Classify $\mathbb{Z} \times \mathbb{Z}/ \langle (3,1), (8,2) \rangle $ via fundamental theorem of finitely generated abelian groups
I am trying to classify $\mathbb{Z} \times \mathbb{Z}/ \langle (3,1), (8,2) \rangle $ via fundamental theorem of finitely generated abelian groups. As I understand by different questions posted in here that's what I'm doing.
I started to research that topic by posting that question and then got interested in different possible options.
According to the scheme provided by Shaun I would think that I need to write $x = (1,0)$ and $y = (0,1)$. By that I would obtain $(3,1) = 3x + y$ and $(8,2) = 8x + 2y$. But what to do next? As I understand, it is not isomorphic to any $\mathbb{Z}$.
Solution 1:
The algorithmic way of solving problems like this is to compute the Smith normal form of the matrix formed by the ideal generators, which reveals the invariant factors. In this case the invariant factors are $1,2$, which means the group is isomorphic to $\mathbb Z/(1)\oplus\mathbb Z/(2)=\mathbb Z_2$.

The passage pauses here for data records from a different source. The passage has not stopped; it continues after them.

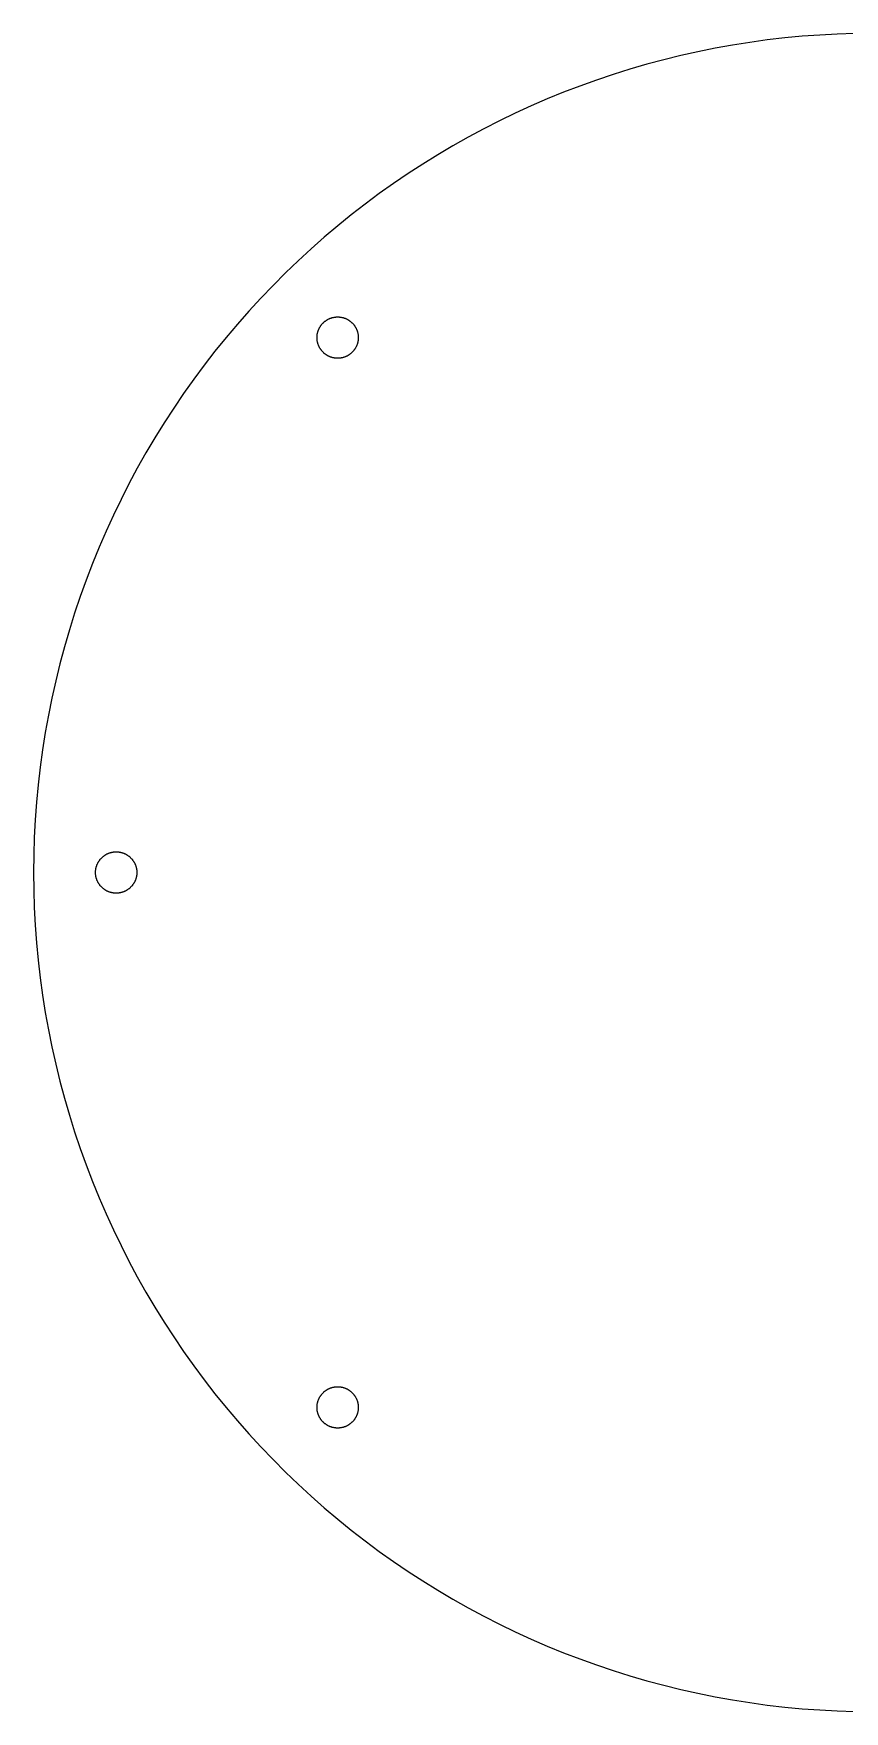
# Model space of a CAD drawing. Header units: metres. Extents: x -102 to 102, y -102 to 102.
# Drawn here: x -101.5 to -3.4, y -101.5 to 101.5 of the extents above; entities that cross this region are included whole.
import ezdxf

# ---------------------------------------------------------------- set-up
doc = ezdxf.new("R2010")
doc.units = ezdxf.units.M

msp = doc.modelspace()

# ---------------------------------------------------------------- linework, layer by layer
for p, q in [((-2.12564, 101.478), (-4.25037, 101.411)), ((-19.0192, 99.7021), (-21.103, 99.282)), ((-16.927, 100.079), (-19.0192, 99.7021)), ((-14.8274, 100.411), (-16.927, 100.079)), ((-12.7213, 100.7), (-14.8274, 100.411)), ((-10.6096, 100.944), (-12.7213, 100.7)), ((-8.49329, 101.144), (-10.6096, 100.944)), ((-6.37323, 101.3), (-8.49329, 101.144)), ((-4.25037, 101.411), (-6.37323, 101.3)), ((-27.2953, 97.761), (-29.3367, 97.1679)), ((-25.242, 98.3112), (-27.2953, 97.761)), ((-23.1776, 98.8183), (-25.242, 98.3112)), ((-21.103, 99.282), (-23.1776, 98.8183)), ((-33.38, 95.8542), (-35.3801, 95.1341)), ((-31.3652, 96.5322), (-33.38, 95.8542)), ((-29.3367, 97.1679), (-31.3652, 96.5322)), ((-39.3328, 93.5691), (-41.2838, 92.7249)), ((-37.3646, 94.3723), (-39.3328, 93.5691)), ((-35.3801, 95.1341), (-37.3646, 94.3723)), ((-43.2166, 91.8399), (-45.1305, 90.9147)), ((-41.2838, 92.7249), (-43.2166, 91.8399)), ((-47.0245, 89.9497), (-48.898, 88.9451)), ((-45.1305, 90.9147), (-47.0245, 89.9497)), ((-50.75, 87.9016), (-52.5797, 86.8195)), ((-48.898, 88.9451), (-50.75, 87.9016)), ((-54.3864, 85.6993), (-56.1692, 84.5415)), ((-52.5797, 86.8195), (-54.3864, 85.6993)), ((-57.9274, 83.3466), (-59.6602, 82.1152)), ((-56.1692, 84.5415), (-57.9274, 83.3466)), ((-59.6602, 82.1152), (-61.3668, 80.8478)), ((-63.0465, 79.5449), (-64.6985, 78.2071)), ((-61.3668, 80.8478), (-63.0465, 79.5449)), ((-64.6985, 78.2071), (-66.3222, 76.835)), ((-67.9167, 75.4292), (-69.4815, 73.9903)), ((-66.3222, 76.835), (-67.9167, 75.4292)), ((-69.4815, 73.9903), (-71.0158, 72.519)), ((-71.0158, 72.519), (-72.519, 71.0158)), ((-73.9903, 69.4815), (-75.4292, 67.9167)), ((-72.519, 71.0158), (-73.9903, 69.4815)), ((-75.4292, 67.9167), (-76.835, 66.3222)), ((-65.741, 66.9734), (-65.6931, 66.9946)), ((-65.6931, 66.9946), (-65.6449, 67.0149)), ((-65.6449, 67.0149), (-65.5962, 67.0342)), ((-65.5962, 67.0342), (-65.5471, 67.0525)), ((-65.5471, 67.0525), (-65.4977, 67.0697)), ((-65.4977, 67.0697), (-65.4479, 67.0859)), ((-65.4479, 67.0859), (-65.3977, 67.101)), ((-65.3977, 67.101), (-65.3473, 67.1151)), ((-65.3473, 67.1151), (-65.2966, 67.1281)), ((-65.2966, 67.1281), (-65.2456, 67.1401)), ((-65.2456, 67.1401), (-65.1944, 67.1509)), ((-65.1944, 67.1509), (-65.143, 67.1608)), ((-65.143, 67.1608), (-65.0914, 67.1695)), ((-65.0914, 67.1695), (-65.0396, 67.1771)), ((-65.0396, 67.1771), (-64.9876, 67.1837)), ((-64.9876, 67.1837), (-64.9355, 67.1892)), ((-64.9355, 67.1892), (-64.8834, 67.1935)), ((-64.8834, 67.1935), (-64.8311, 67.1968)), ((-64.8311, 67.1968), (-64.7788, 67.199)), ((-64.7788, 67.199), (-64.7264, 67.2001)), ((-64.7264, 67.2001), (-64.6741, 67.2001)), ((-64.6741, 67.2001), (-64.6217, 67.199)), ((-64.6217, 67.199), (-64.5694, 67.1968)), ((-64.5694, 67.1968), (-64.5172, 67.1935)), ((-64.5172, 67.1935), (-64.465, 67.1892)), ((-64.465, 67.1892), (-64.4129, 67.1837)), ((-64.4129, 67.1837), (-64.361, 67.1771)), ((-64.361, 67.1771), (-64.3092, 67.1695)), ((-64.3092, 67.1695), (-64.2576, 67.1608)), ((-64.2576, 67.1608), (-64.2061, 67.1509)), ((-64.2061, 67.1509), (-64.1549, 67.1401)), ((-64.1549, 67.1401), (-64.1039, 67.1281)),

The following invertible elementary row/column operations convert the original matrix to Smith normal form: $$\begin{bmatrix}3&1\\8&2\end{bmatrix}\to\begin{bmatrix}3&1\\2&0\end{bmatrix}\to\begin{bmatrix}1&1\\2&0\end{bmatrix}\to\begin{bmatrix}0&1\\2&0\end{bmatrix}\to\begin{bmatrix}1&0\\0&2\end{bmatrix}$$
Solution 2:
Let $f$ be as defined in the question. We get
$$\begin{align} \Bbb Z\times \Bbb Z/\ker f &\cong \langle x,y\mid 3x + y, 8x + 2y, x+y=y+x\rangle\\ &\cong\langle x,y\mid y=-3x, 8x+2y, x+y=y+x\rangle\\ &\cong\langle x\mid 8x-6x, x-3x=-3x+x\rangle\tag{1}\\ &\cong\langle x\mid 2x, -2x=-2x\rangle\\ &\cong\langle x\mid 2x\rangle\\ &\cong \Bbb Z_2, \end{align}$$
where $(1)$ holds by the Tietze transformation of eliminating $y$ as $y$ can be written in terms of $x$.